We thus retain our OUTPERFORM rating on the stock.
● We make adjustments to our model to account for recent equity
issuance. As a result, our EPS goes down 7% over FY11-13, and
our target price falls to Rs760
Strong growth continues
Everonn reported strong Dec-10 quarter results with revenue up 44%
YoY (4% below estimates). Margins expanded a sharp 300 bps QoQ
to 38% (versus our expectation of a 300 bp decline). Thus, EBITDA
grew 57% YoY and came in 11% ahead of estimates. Margin surprise
flowed down to the bottom line with profits beating estimates by 15%.

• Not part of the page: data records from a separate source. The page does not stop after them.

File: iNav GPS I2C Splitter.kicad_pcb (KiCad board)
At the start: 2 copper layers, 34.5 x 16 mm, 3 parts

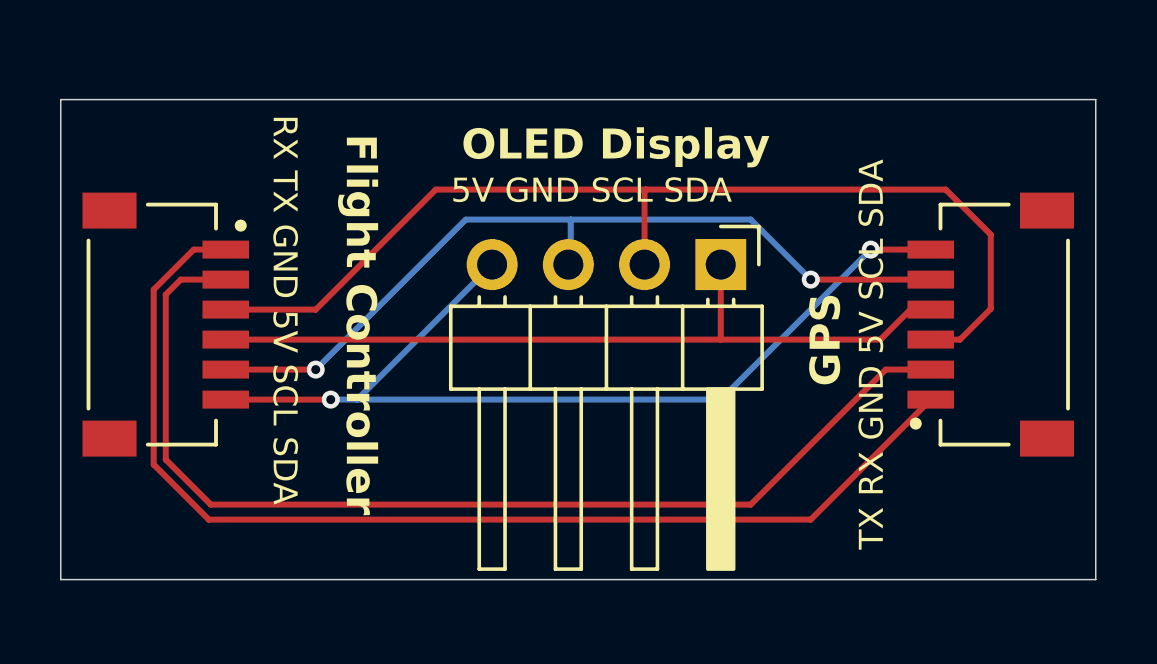
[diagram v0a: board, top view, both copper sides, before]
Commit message: Updated silkscreening for OLED pins
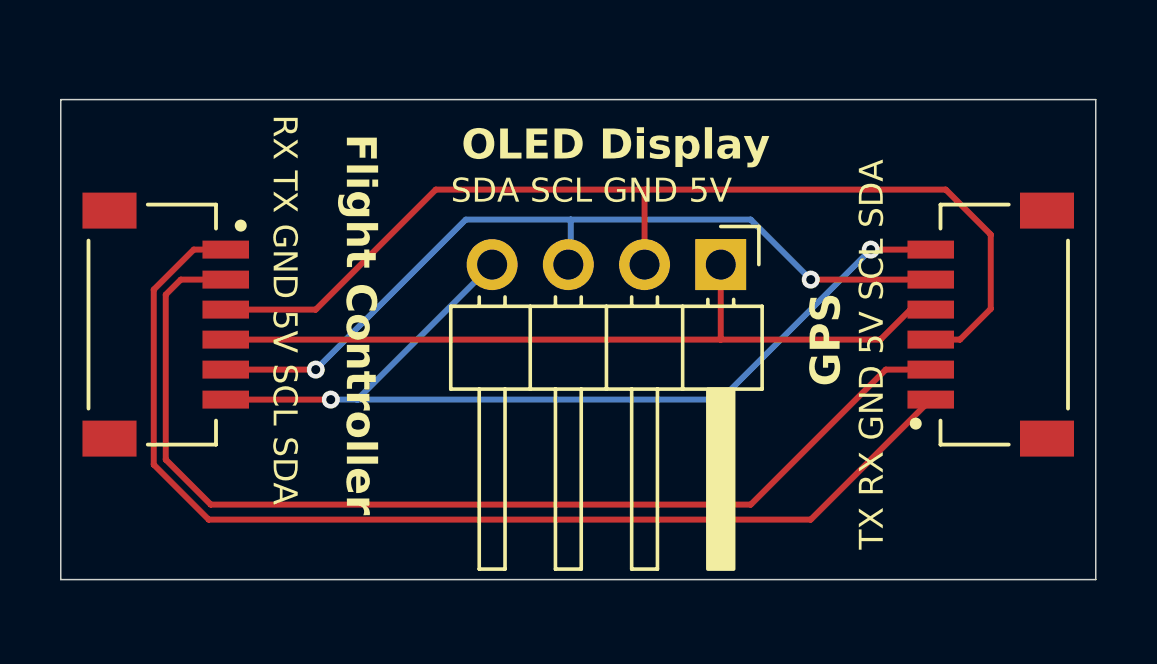
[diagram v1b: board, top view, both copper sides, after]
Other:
- board text added: "SDA SCL GND 5V"
- board text removed: "5V GND SCL SDA"
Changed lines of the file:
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@@
 		)
 	)
-	(gr_text "5V GND SCL SDA"
+	(gr_text "SDA SCL GND 5V"
 		(at 87 74 0)
 		(layer "F.SilkS")
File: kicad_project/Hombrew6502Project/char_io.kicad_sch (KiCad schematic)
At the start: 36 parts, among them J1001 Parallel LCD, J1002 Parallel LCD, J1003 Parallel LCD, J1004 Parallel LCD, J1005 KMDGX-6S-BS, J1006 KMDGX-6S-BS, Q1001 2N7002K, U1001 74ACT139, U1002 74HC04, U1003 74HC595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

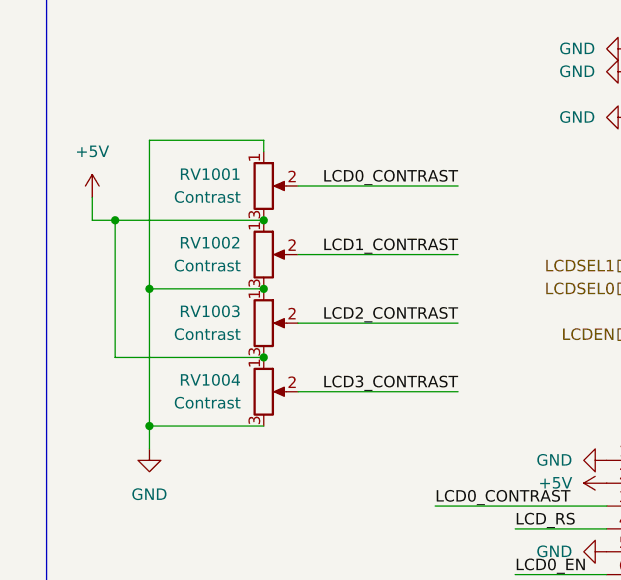
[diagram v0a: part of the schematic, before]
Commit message: footprint assignments and separate project for RAM board
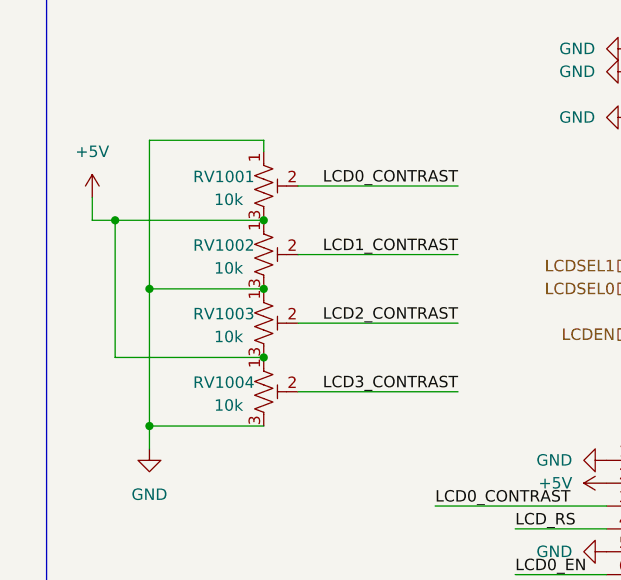
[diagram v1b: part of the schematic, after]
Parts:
- removed RV1001, RV1002, RV1003, RV1004: Contrast, symbol Device:R_Potentiometer
- added RV1001, RV1002, RV1003, RV1004: 10k, Potentiometer_SMD:Potentiometer_Bourns_TC33X_Vertical, symbol Device:R_Potentiometer_Trim_US
- J1001, J1002, J1003, J1004: footprint (none) -> Connector_IDC:IDC-Header_2x08_P2.54mm_Vertical_SMD
- J1006: footprint KMDGX6SBS -> footprints:KMDGX6SBS
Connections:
- net +5V: now also RV1001.3, RV1002.1, RV1003.3, RV1004.1
- net GND: now also RV1001.1, RV1002.3, RV1003.1, RV1004.3
- net LCD0_CONTRAST: now also RV1001.2
- net LCD1_CONTRAST: now also RV1002.2
- net LCD2_CONTRAST: now also RV1003.2
- net LCD3_CONTRAST: now also RV1004.2

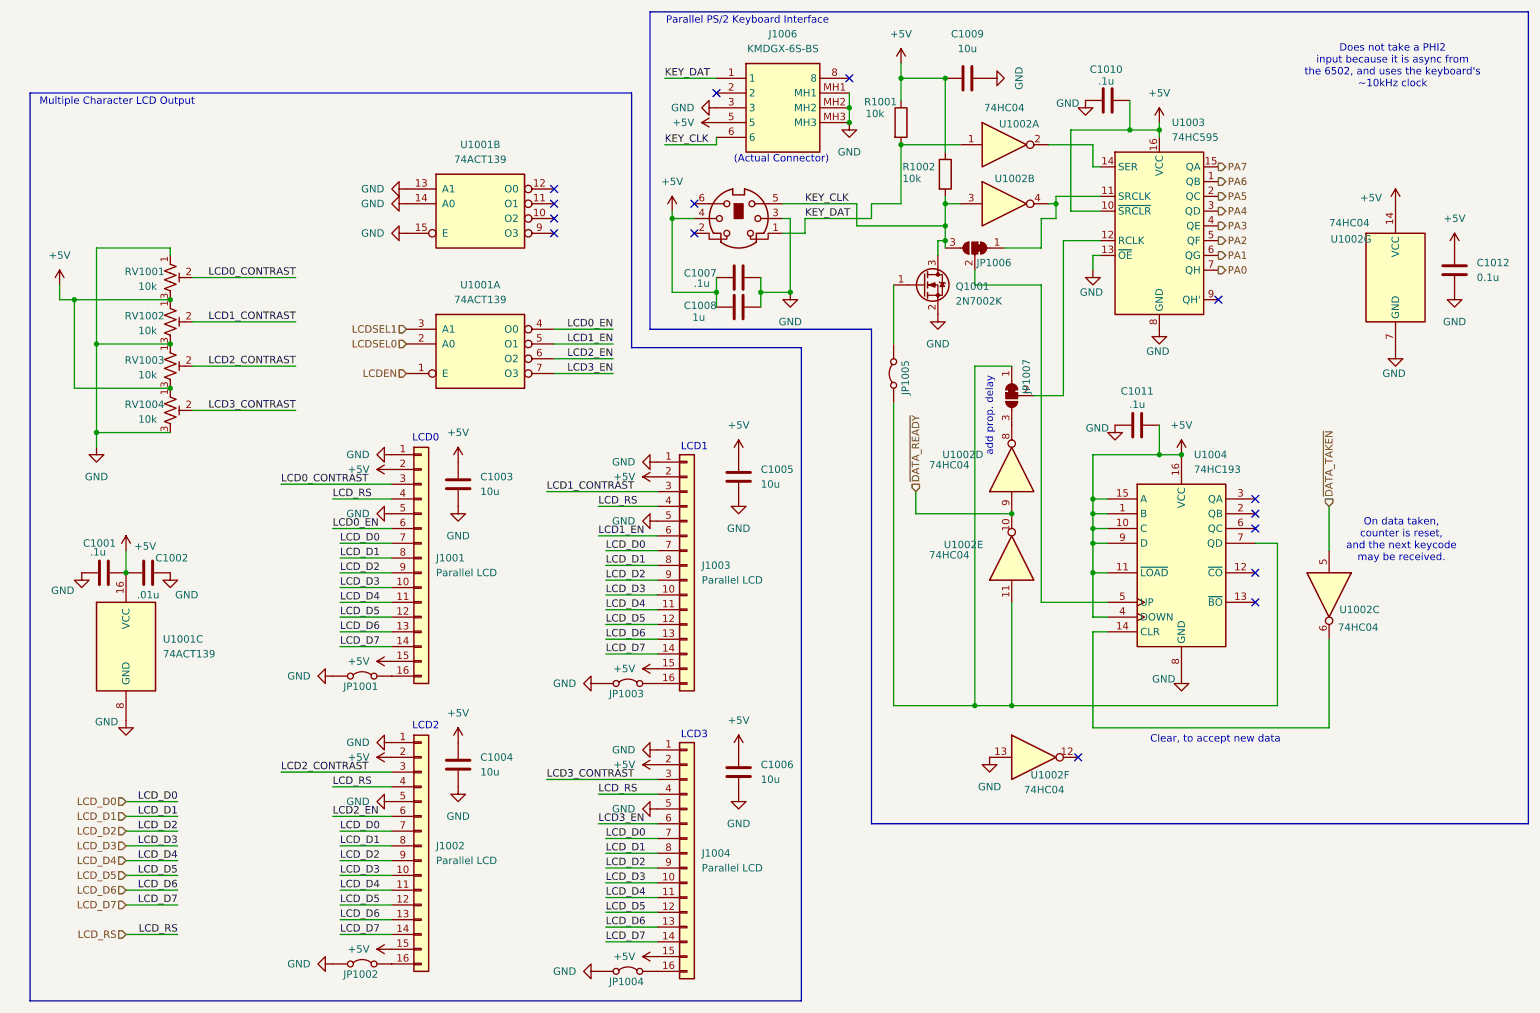
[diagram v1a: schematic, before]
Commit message: Peripheral io layout done; snapshot of current state before redoing much of the rest of the layout.
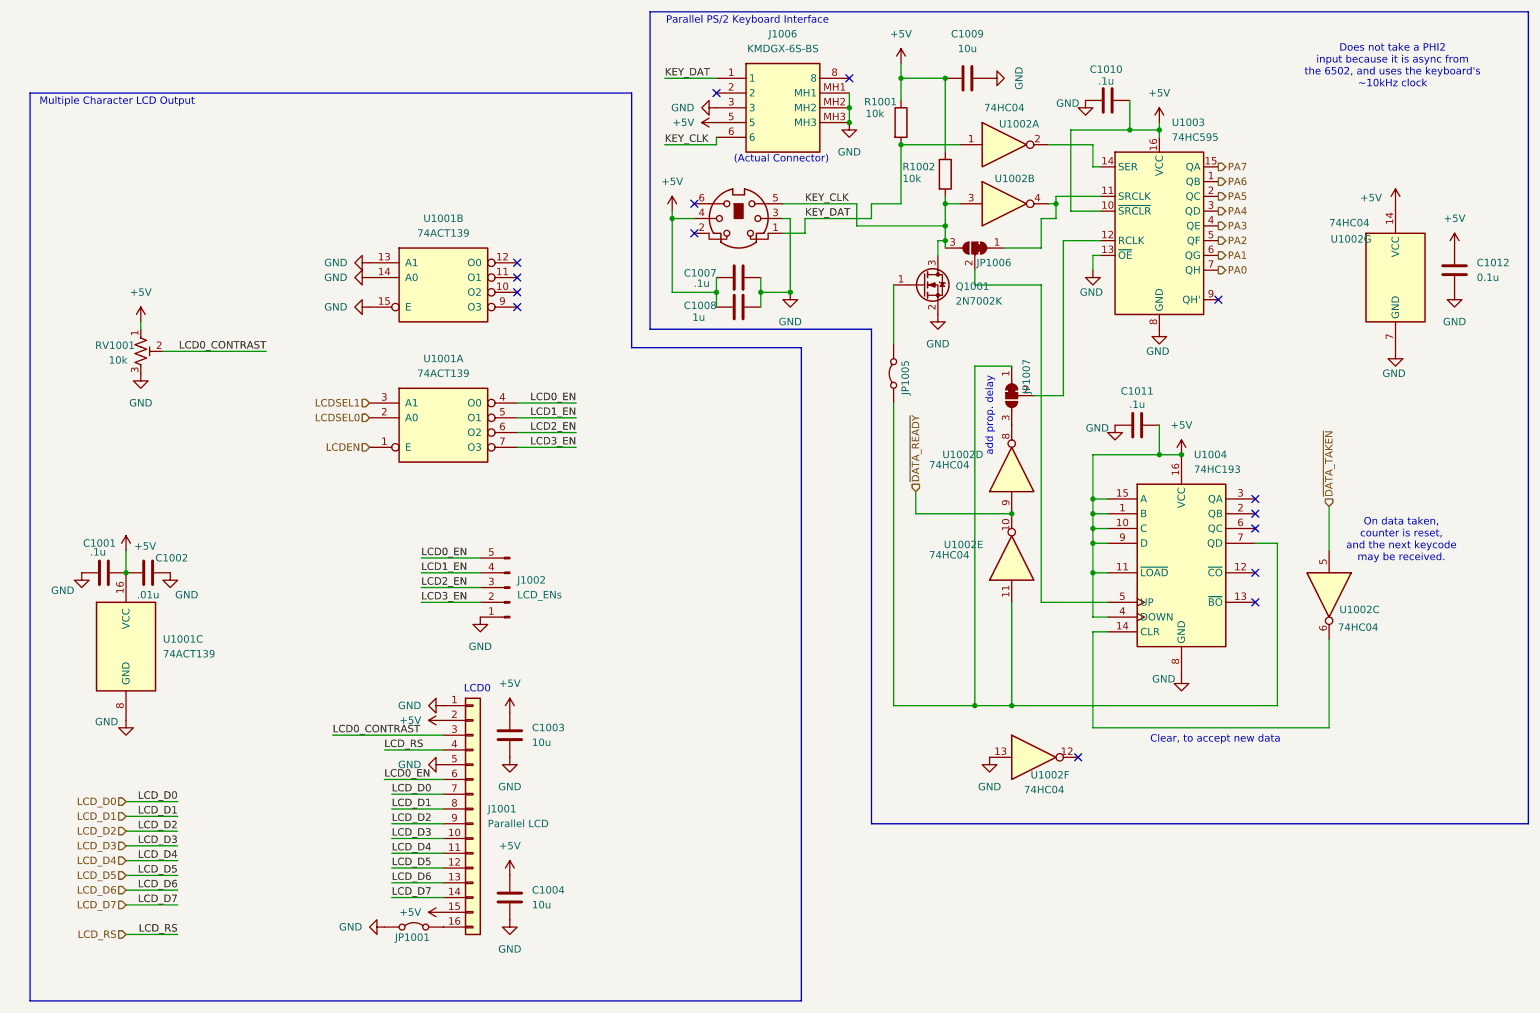
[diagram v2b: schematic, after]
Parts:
- removed C1005, C1006: 10u, Capacitor_SMD:C_0402_1005Metric, symbol Device:C
- removed J1002, J1003, J1004: Parallel LCD, Connector_IDC:IDC-Header_2x08_P2.54mm_Vertical_SMD, symbol Connector_Generic:Conn_01x16
- removed JP1002, JP1003, JP1004: Jumper_2_Bridged, Jumper:SolderJumper-2_P1.3mm_Bridged2Bar_Pad1.0x1.5mm, symbol Jumper:Jumper_2_Bridged
- removed RV1002, RV1003, RV1004: 10k, Potentiometer_SMD:Potentiometer_Bourns_TC33X_Vertical, symbol Device:R_Potentiometer_Trim_US
- added J1002: LCD_ENs, Connector_PinHeader_2.54mm:PinHeader_1x05_P2.54mm_Vertical, symbol Connector:Conn_01x05_Pin
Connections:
- net +5V: now also RV1001.1; no longer RV1001.3
- net GND: now also RV1001.3, J1002.1 (Pin_1); no longer RV1001.1
- net LCD0_EN: now also J1002.5 (Pin_5)
- net LCD1_EN: now also J1002.4 (Pin_4)
- net LCD2_EN: now also J1002.3 (Pin_3)
- net LCD3_EN: now also J1002.2 (Pin_2)
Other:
- note removed: "LCD1"
- note removed: "LCD2"
- note removed: "LCD3"
- moved on the sheet: C1003, C1004, J1001, JP1001, RV1001, U1001A, U1001B

A look at the segment details shows that growth was driven by the
ViTELS segment, while ICT remained muted. This shift in mix (ViTELS
is the higher margin segment) along with margin increase in ViTELS
led to overall EBITDA margin expansion.
Classroom penetration continues to rise
Growth in schools in the iSchool segment was strong, with 140
schools added (the quarter-end number was up 54% YoY). Additions
to the college segment were lacklustre with only 63 colleges added
(the QE number rose 34%). We believe this weakness in college
additions is temporary and expect a return to growth from the current
quarter.
Importantly, classroom penetration in iSchools continues rising. The
QE average classroom/school ratio rose to 2.9 from 2.5, implying a
6.3x incremental ratio. We believe this is a key margin driver for the
business. We build a 6x incremental classroom/school ration in our
models for FY3/12 – and there could be a nice upside to our numbers.
Management indicated that the new business initiatives could break
even by next year. Importantly, two schools under the ‘Educating
India’ programme are set to open for the 2011 academic session.
Retaining our Outperform
Everonn continues to deliver strong growth with encouraging margin
trends. We believe the ViTELS business will be a strong growth and
margin driver over the near term, and expect EBITDA and EPS
CAGRs of 40% plus over three years. In this context, we find the stock
cheap at 3.6x EV/EBITDA and 8x P/E (FY3/12). We retain our
OUTPERFORM rating. Our EPS falls 7% for FY11-13, as we build the
dilution impact of recent equity issuance, while our target price (DCF)
falls to Rs760.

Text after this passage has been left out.